THE PROBLEM: Transcribe exactly everything in the data below from the line containing "Line((29.339397178, 87.26746139), (47.295322571, 221.605038945))" down to the line containing "238.592306281), (-12.572453609, 238.592306281))", both lines included and nothing further.

SUPPLIED DATA:
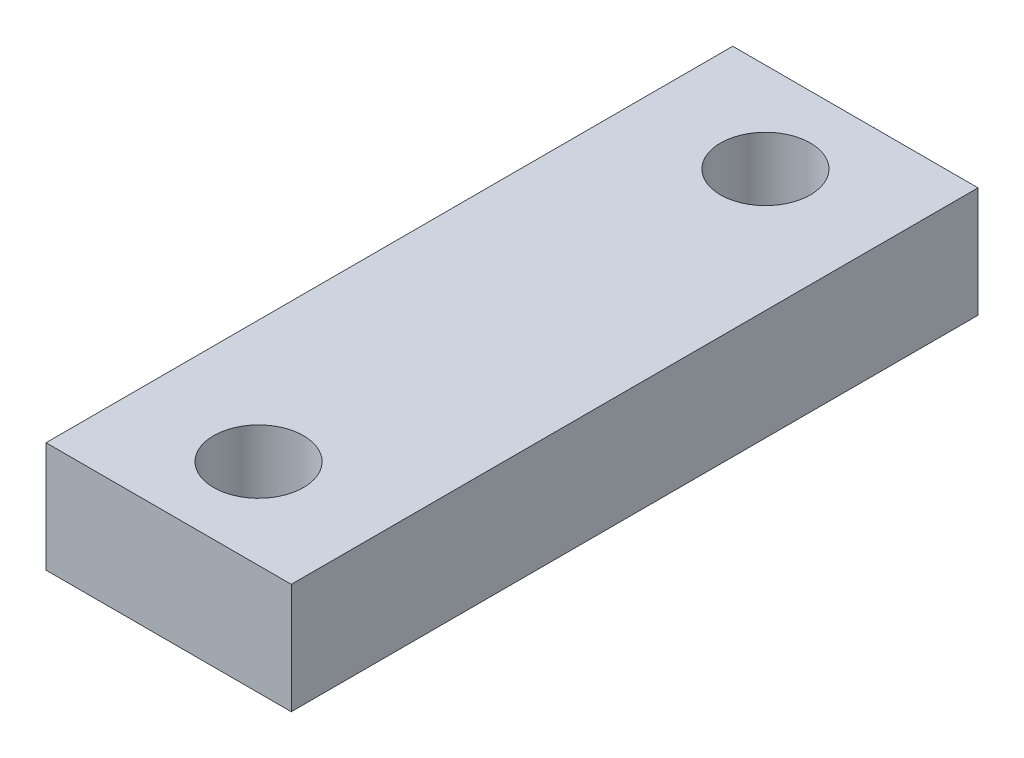
from build123d import *

# Parameters (mm, degrees)
SKETCH1_W                    = 42
SKETCH1_H                    = 6.75
PROFILEBOSS_EXTRUDE1_DEPTH   = 15
SKETCH2_R                    = 2.75
MOUNTHOLESCUT_EXTRUDE1_DEPTH = 46.106124861


with BuildPart() as part:
    # Sketch1 → ProfileBoss-Extrude1 (new body)
    with BuildSketch(Plane(origin=(0, 0, 0), x_dir=(0, 0, -1), z_dir=(1, 0, 0))):
        with Locations((21, 3.375)):
            Rectangle(SKETCH1_W, SKETCH1_H)
    extrude(amount=PROFILEBOSS_EXTRUDE1_DEPTH)

    # Sketch2 → MountHolesCut-Extrude1 (cut, through all)
    with BuildSketch(Plane(origin=(0, 6.75, 0), x_dir=(1, 0, 0), z_dir=(0, 1, 0))):
        with Locations(Location((7.5, 5.5, 0), (0, 0, 270))):
            Circle(SKETCH2_R)
        with Locations(Location((7.5, 36.5, 0), (0, 0, 270))):
            Circle(SKETCH2_R)
    extrude(amount=-MOUNTHOLESCUT_EXTRUDE1_DEPTH, mode=Mode.SUBTRACT)


solid = part.part
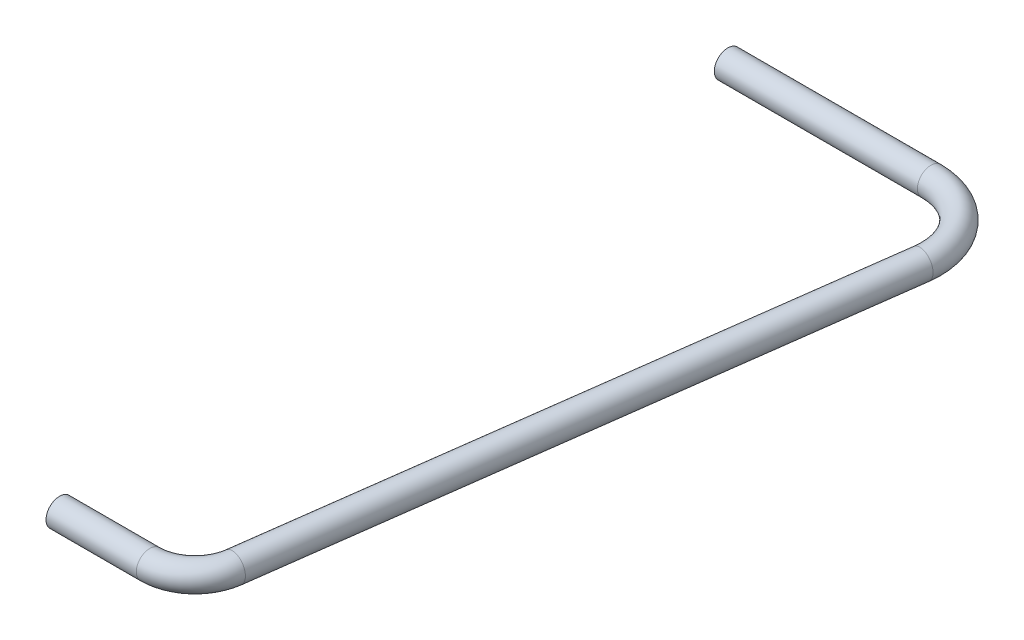
from build123d import *

# Parameters (mm, degrees)
SWEEP1_PROFILE_R = 3


with BuildPart() as part:
    # Sweep1: sweep along a path in Sketch1
    with BuildLine(Plane(origin=(0, 0, 0), x_dir=(1, 0, 0), z_dir=(0, 1, 0))) as sweep1_path:
        Line((-0.572453609, 78.592306281), (19.427546391, 78.592306281))
        ThreePointArc((19.427546391, 78.592306281), (26.013575206, 81.067399341), (29.339397178, 87.26746139))
        Line((29.339397178, 87.26746139), (47.295322571, 221.605038945))
        ThreePointArc((47.295322571, 221.605038945), (43.714906801, 233.471349503), (32.427546391, 238.592306281))
        Line((32.427546391, 238.592306281), (-12.572453609, 238.592306281))
    # Sweep1 profile (on start of the path) → Sweep1 (sweep)
    with BuildSketch(Plane(origin=(-0.572453609, 0, -78.592306281), x_dir=(0, 0, 1), z_dir=(1, 0, 0))):
        Circle(SWEEP1_PROFILE_R)
    sweep(path=sweep1_path.line)


solid = part.part
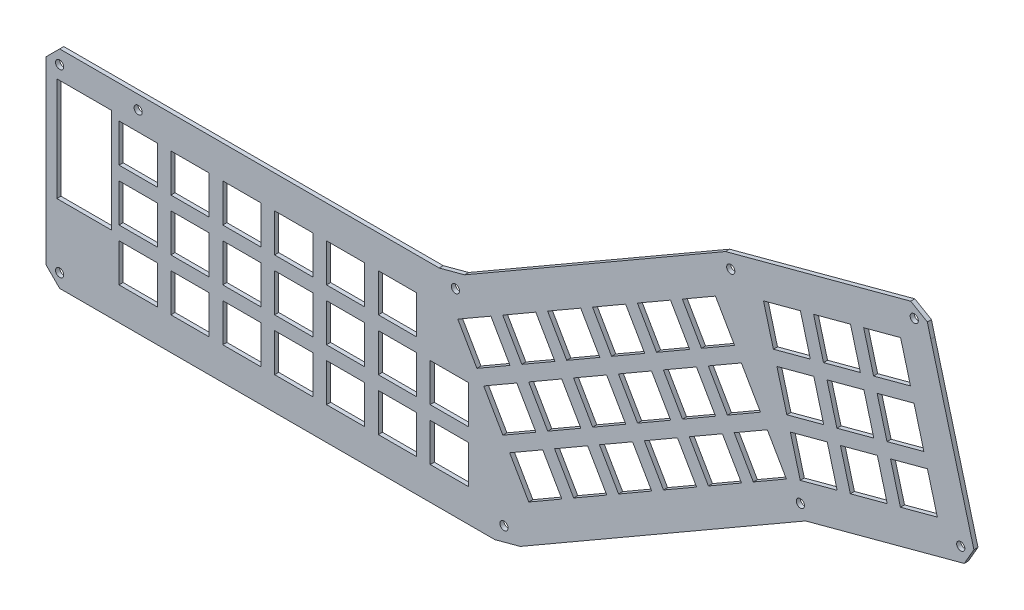
from build123d import *

# Parameters (mm, degrees)
ESQUISSE1_R        = 1.5
ESQUISSE1_W        = 14
ESQUISSE1_H        = 14
ESQUISSE1_W_2      = 20
ESQUISSE1_H_2      = 38
BOSS_EXTRU_1_DEPTH = 1.5


with BuildPart() as part:
    # Esquisse1 → Boss.-Extru.1 (new body)
    with BuildSketch(Plane.XY):
        Polygon((223.435307281, 116.571144171), (228.094050093, 99.184479298), (239.223269033, 57.649668767), (235.687735127, 51.52594441), (177.550794817, 35.948198204), (72.998852881, -24.414893617), (63.668725862, -26.914893617), (-95.753762562, -26.914893617), (-100.753762562, -21.914893617), (-100.753762562, 35.79522772), (-100.753762562, 44.085106383), (-95.753762562, 49.085106383), (-75.988646329, 49.085106383), (43.304587238, 49.085106383), (52.634714257, 51.585106383), (148.215889778, 106.7689238), (211.187858568, 123.642211983), (216.073234813, 124.951244602), (222.169064525, 121.408322556), align=None)
        with Locations((-95.753762562, 44.085106383)):
            Circle(ESQUISSE1_R, mode=Mode.SUBTRACT)
        with Locations((-95.753762562, -21.914893617)):
            Circle(ESQUISSE1_R, mode=Mode.SUBTRACT)
        with Locations((67.039694146, -20.835264486)):
            Circle(ESQUISSE1_R, mode=Mode.SUBTRACT)
        with Locations((49.263745973, 45.505477252)):
            Circle(ESQUISSE1_R, mode=Mode.SUBTRACT)
        with Locations((175.637377655, 40.567595866)):
            Circle(ESQUISSE1_R, mode=Mode.SUBTRACT)
        with Locations((150.12930694, 102.149526137)):
            Circle(ESQUISSE1_R, mode=Mode.SUBTRACT)
        with Locations((234.393639901, 56.355573542)):
            Circle(ESQUISSE1_R, mode=Mode.SUBTRACT)
        with Locations((217.363403759, 120.120565138)):
            Circle(ESQUISSE1_R, mode=Mode.SUBTRACT)
        with Locations((-66.988646329, 44.085106383)):
            Circle(ESQUISSE1_R, mode=Mode.SUBTRACT)
        with Locations((-66.988646329, 11.085106383)):
            Rectangle(ESQUISSE1_W, ESQUISSE1_H, mode=Mode.SUBTRACT)
        with Locations((-66.988646329, 30.085106383)):
            Rectangle(ESQUISSE1_W, ESQUISSE1_H, mode=Mode.SUBTRACT)
        with Locations((-66.988646329, -7.914893617)):
            Rectangle(ESQUISSE1_W, ESQUISSE1_H, mode=Mode.SUBTRACT)
        with Locations((-47.988646329, 11.085106383)):
            Rectangle(ESQUISSE1_W, ESQUISSE1_H, mode=Mode.SUBTRACT)
        with Locations((-47.988646329, 30.085106383)):
            Rectangle(ESQUISSE1_W, ESQUISSE1_H, mode=Mode.SUBTRACT)
        with Locations((-47.988646329, -7.914893617)):
            Rectangle(ESQUISSE1_W, ESQUISSE1_H, mode=Mode.SUBTRACT)
        with Locations((-28.988646329, 11.085106383)):
            Rectangle(ESQUISSE1_W, ESQUISSE1_H, mode=Mode.SUBTRACT)
        with Locations((-28.988646329, 30.085106383)):
            Rectangle(ESQUISSE1_W, ESQUISSE1_H, mode=Mode.SUBTRACT)
        with Locations((-28.988646329, -7.914893617)):
            Rectangle(ESQUISSE1_W, ESQUISSE1_H, mode=Mode.SUBTRACT)
        with Locations((-9.988646329, 11.085106383)):
            Rectangle(ESQUISSE1_W, ESQUISSE1_H, mode=Mode.SUBTRACT)
        with Locations((-9.988646329, 30.085106383)):
            Rectangle(ESQUISSE1_W, ESQUISSE1_H, mode=Mode.SUBTRACT)
        with Locations((-9.988646329, -7.914893617)):
            Rectangle(ESQUISSE1_W, ESQUISSE1_H, mode=Mode.SUBTRACT)
        with Locations((9.011353671, 11.085106383)):
            Rectangle(ESQUISSE1_W, ESQUISSE1_H, mode=Mode.SUBTRACT)
        with Locations((9.011353671, 30.085106383)):
            Rectangle(ESQUISSE1_W, ESQUISSE1_H, mode=Mode.SUBTRACT)
        with Locations((9.011353671, -7.914893617)):
            Rectangle(ESQUISSE1_W, ESQUISSE1_H, mode=Mode.SUBTRACT)
        with Locations((28.011353671, 11.085106383)):
            Rectangle(ESQUISSE1_W, ESQUISSE1_H, mode=Mode.SUBTRACT)
        with Locations((28.011353671, 30.085106383)):
            Rectangle(ESQUISSE1_W, ESQUISSE1_H, mode=Mode.SUBTRACT)
        with Locations((28.011353671, -7.914893617)):
            Rectangle(ESQUISSE1_W, ESQUISSE1_H, mode=Mode.SUBTRACT)
        with Locations((47.011353671, 11.085106383)):
            Rectangle(ESQUISSE1_W, ESQUISSE1_H, mode=Mode.SUBTRACT)
        with Locations((47.011353671, -7.914893617)):
            Rectangle(ESQUISSE1_W, ESQUISSE1_H, mode=Mode.SUBTRACT)
        Polygon((69.12536992, 3.37096395), (76.12536992, -8.753391703), (88.249725572, -1.753391703), (81.249725572, 10.37096395), align=None, mode=Mode.SUBTRACT)
        Polygon((59.62536992, 19.825446622), (66.62536992, 7.701090969), (78.749725572, 14.701090969), (71.749725572, 26.825446622), align=None, mode=Mode.SUBTRACT)
        Polygon((50.12536992, 36.279929294), (57.12536992, 24.155573641), (69.249725572, 31.155573641), (62.249725572, 43.279929294), align=None, mode=Mode.SUBTRACT)
        Polygon((85.579852591, 12.87096395), (92.579852591, 0.746608297), (104.704208244, 7.746608297), (97.704208244, 19.87096395), align=None, mode=Mode.SUBTRACT)
        Polygon((76.079852591, 29.325446622), (83.079852591, 17.201090969), (95.204208244, 24.201090969), (88.204208244, 36.325446622), align=None, mode=Mode.SUBTRACT)
        Polygon((66.579852591, 45.779929294), (73.579852591, 33.655573641), (85.704208244, 40.655573641), (78.704208244, 52.779929294), align=None, mode=Mode.SUBTRACT)
        Polygon((102.034335263, 22.37096395), (109.034335263, 10.246608297), (121.158690916, 17.246608297), (114.158690916, 29.37096395), align=None, mode=Mode.SUBTRACT)
        Polygon((92.534335263, 38.825446622), (99.534335263, 26.701090969), (111.658690916, 33.701090969), (104.658690916, 45.825446622), align=None, mode=Mode.SUBTRACT)
        Polygon((83.034335263, 55.279929294), (90.034335263, 43.155573641), (102.158690916, 50.155573641), (95.158690916, 62.279929294), align=None, mode=Mode.SUBTRACT)
        Polygon((118.488817935, 31.87096395), (125.488817935, 19.746608297), (137.613173588, 26.746608297), (130.613173588, 38.87096395), align=None, mode=Mode.SUBTRACT)
        Polygon((108.988817935, 48.325446622), (115.988817935, 36.201090969), (128.113173588, 43.201090969), (121.113173588, 55.325446622), align=None, mode=Mode.SUBTRACT)
        Polygon((99.488817935, 64.779929294), (106.488817935, 52.655573641), (118.613173588, 59.655573641), (111.613173588, 71.779929294), align=None, mode=Mode.SUBTRACT)
        Polygon((134.943300607, 41.37096395), (141.943300607, 29.246608297), (154.06765626, 36.246608297), (147.06765626, 48.37096395), align=None, mode=Mode.SUBTRACT)
        Polygon((125.443300607, 57.825446622), (132.443300607, 45.701090969), (144.56765626, 52.701090969), (137.56765626, 64.825446622), align=None, mode=Mode.SUBTRACT)
        Polygon((115.943300607, 74.279929294), (122.943300607, 62.155573641), (135.06765626, 69.155573641), (128.06765626, 81.279929294), align=None, mode=Mode.SUBTRACT)
        Polygon((151.397783279, 50.87096395), (158.397783279, 38.746608297), (170.522138932, 45.746608297), (163.522138932, 57.87096395), align=None, mode=Mode.SUBTRACT)
        Polygon((141.897783279, 67.325446622), (148.897783279, 55.201090969), (161.022138932, 62.201090969), (154.022138932, 74.325446622), align=None, mode=Mode.SUBTRACT)
        Polygon((132.397783279, 83.779929294), (139.397783279, 71.655573641), (151.522138932, 78.655573641), (144.522138932, 90.779929294), align=None, mode=Mode.SUBTRACT)
        Polygon((167.051254346, 79.722282932), (180.574215914, 83.345749564), (184.197682546, 69.822787996), (170.674720978, 66.199321364), align=None, mode=Mode.SUBTRACT)
        Polygon((162.133692489, 98.074873632), (175.656654057, 101.698340263), (179.280120689, 88.175378695), (165.757159121, 84.551912064), align=None, mode=Mode.SUBTRACT)
        Polygon((171.968816203, 61.369692233), (185.491777771, 64.993158864), (189.115244403, 51.470197296), (175.592282834, 47.846730665), align=None, mode=Mode.SUBTRACT)
        Polygon((185.403845046, 84.639844789), (198.926806614, 88.263311421), (202.550273245, 74.740349853), (189.027311677, 71.116883221), align=None, mode=Mode.SUBTRACT)
        Polygon((180.486283189, 102.992435489), (194.009244757, 106.61590212), (197.632711388, 93.092940552), (184.10974982, 89.469473921), align=None, mode=Mode.SUBTRACT)
        Polygon((190.321406903, 66.28725409), (203.844368471, 69.910720721), (207.467835102, 56.387759153), (193.944873534, 52.764292522), align=None, mode=Mode.SUBTRACT)
        Polygon((203.756435745, 89.557406646), (217.279397313, 93.180873278), (220.902863945, 79.65791171), (207.379902377, 76.034445078), align=None, mode=Mode.SUBTRACT)
        Polygon((198.838873888, 107.909997346), (212.361835456, 111.533463977), (215.985302088, 98.010502409), (202.46234052, 94.387035778), align=None, mode=Mode.SUBTRACT)
        Polygon((208.673997602, 71.204815947), (222.19695917, 74.828282578), (225.820425801, 61.30532101), (212.297464233, 57.681854379), align=None, mode=Mode.SUBTRACT)
        with Locations((-86.753762562, 20.085106383)):
            Rectangle(ESQUISSE1_W_2, ESQUISSE1_H_2, mode=Mode.SUBTRACT)
    extrude(amount=BOSS_EXTRU_1_DEPTH)


solid = part.part
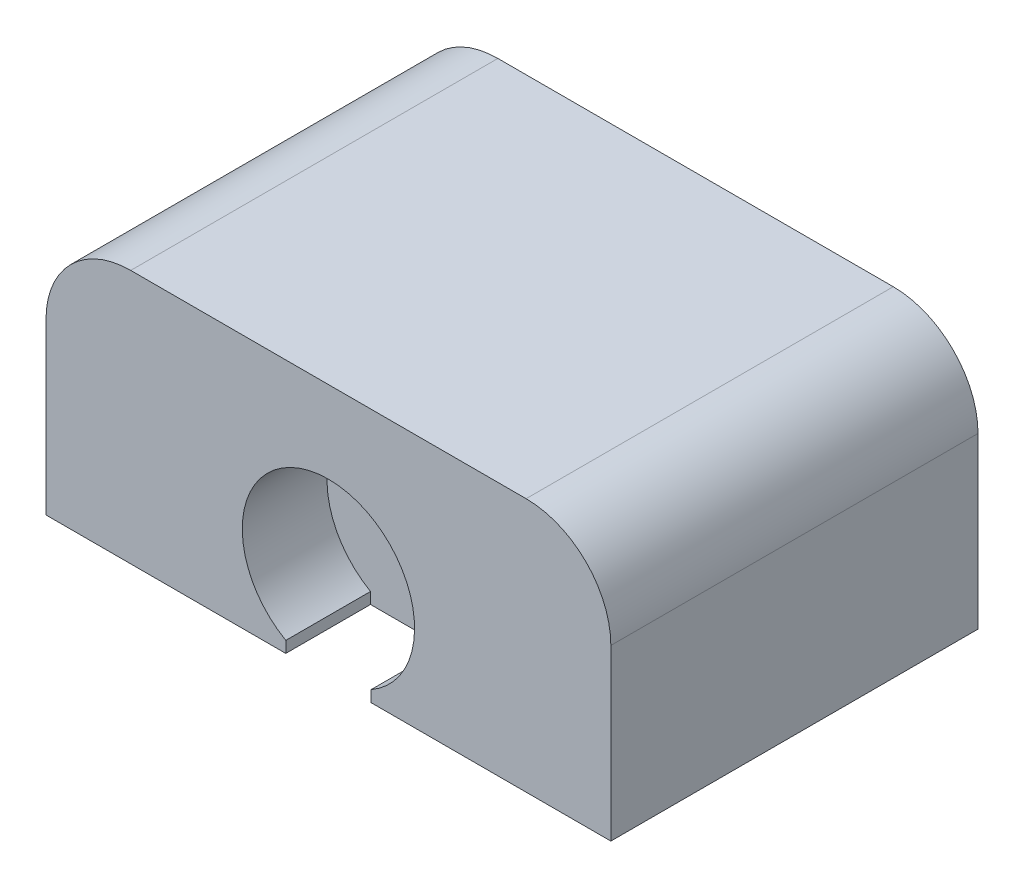
from build123d import *

# Parameters (mm, degrees)
SKETCH1_W           = 20
SKETCH1_H           = 9
BOSS_EXTRUDE1_DEPTH = 13
CUT_EXTRUDE1_DEPTH  = 3
FILLET1_R           = 3


with BuildPart() as part:
    # Sketch1 → Boss-Extrude1 (new body)
    with BuildSketch(Plane.XY):
        Rectangle(SKETCH1_W, SKETCH1_H)
    extrude(amount=BOSS_EXTRUDE1_DEPTH)

    # Sketch2 → Cut-Extrude1 (cut)
    with BuildSketch(Plane.XY.offset(13)):
        with BuildLine():
            Line((1.51, -4.5), (1.51, -4.099981132))
            ThreePointArc((1.51, -4.099981132), (0, 1.6), (-1.51, -4.099981132))
            Line((-1.51, -4.099981132), (-1.51, -4.5))
            Line((-1.51, -4.5), (1.51, -4.5))
        make_face()
    extrude(amount=-CUT_EXTRUDE1_DEPTH, mode=Mode.SUBTRACT)

    # Fillet1
    fillet1_edges = [part.edges().sort_by_distance(p)[0] for p in [
        (-10, 4.5, 6.5),
        (10, 4.5, 6.5),
    ]]
    fillet(fillet1_edges, radius=FILLET1_R)


solid = part.part
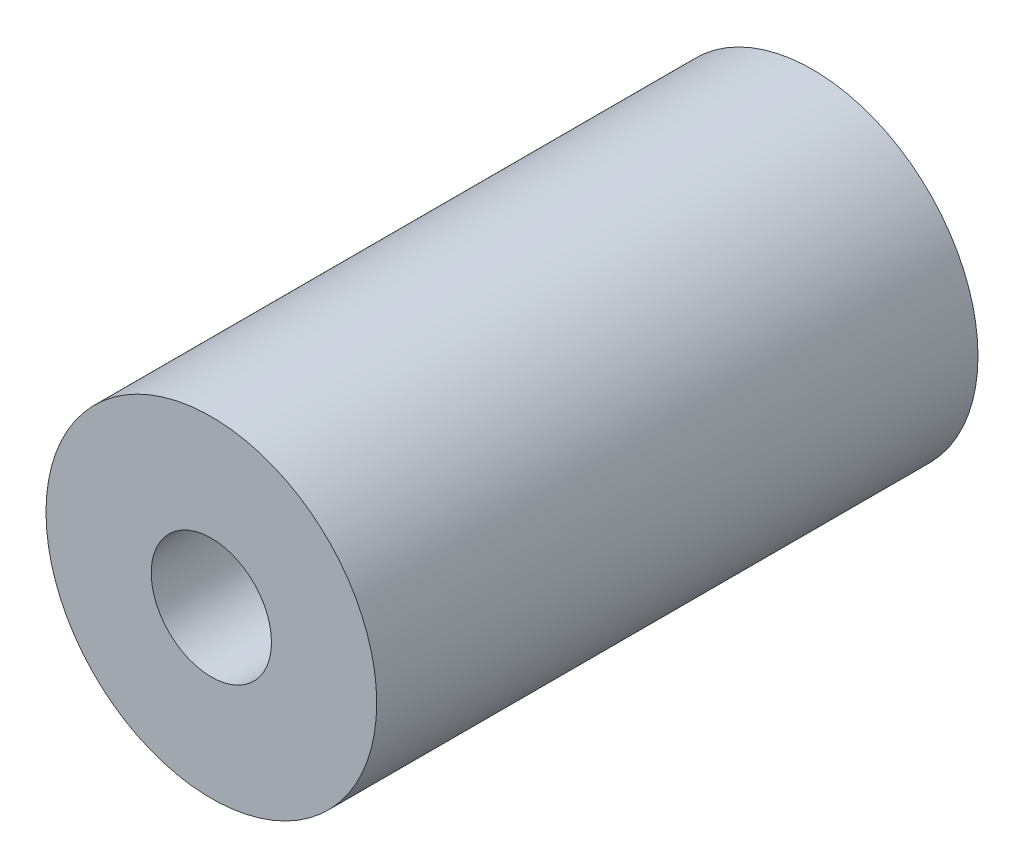
from build123d import *

# Parameters (mm, degrees)
SKETCH1_R           = 6.985
SKETCH1_R_2         = 2.54
BOSS_EXTRUDE1_DEPTH = 25.4


with BuildPart() as part:
    # Sketch1 → Boss-Extrude1 (new body)
    with BuildSketch(Plane.XY):
        Circle(SKETCH1_R)
        Circle(SKETCH1_R_2, mode=Mode.SUBTRACT)
    extrude(amount=BOSS_EXTRUDE1_DEPTH)


solid = part.part

RESPONSE:
        Line((29.339397178, 87.26746139), (47.295322571, 221.605038945))
        ThreePointArc((47.295322571, 221.605038945), (43.714906801, 233.471349503), (32.427546391, 238.592306281))
        Line((32.427546391, 238.592306281), (-12.572453609, 238.592306281))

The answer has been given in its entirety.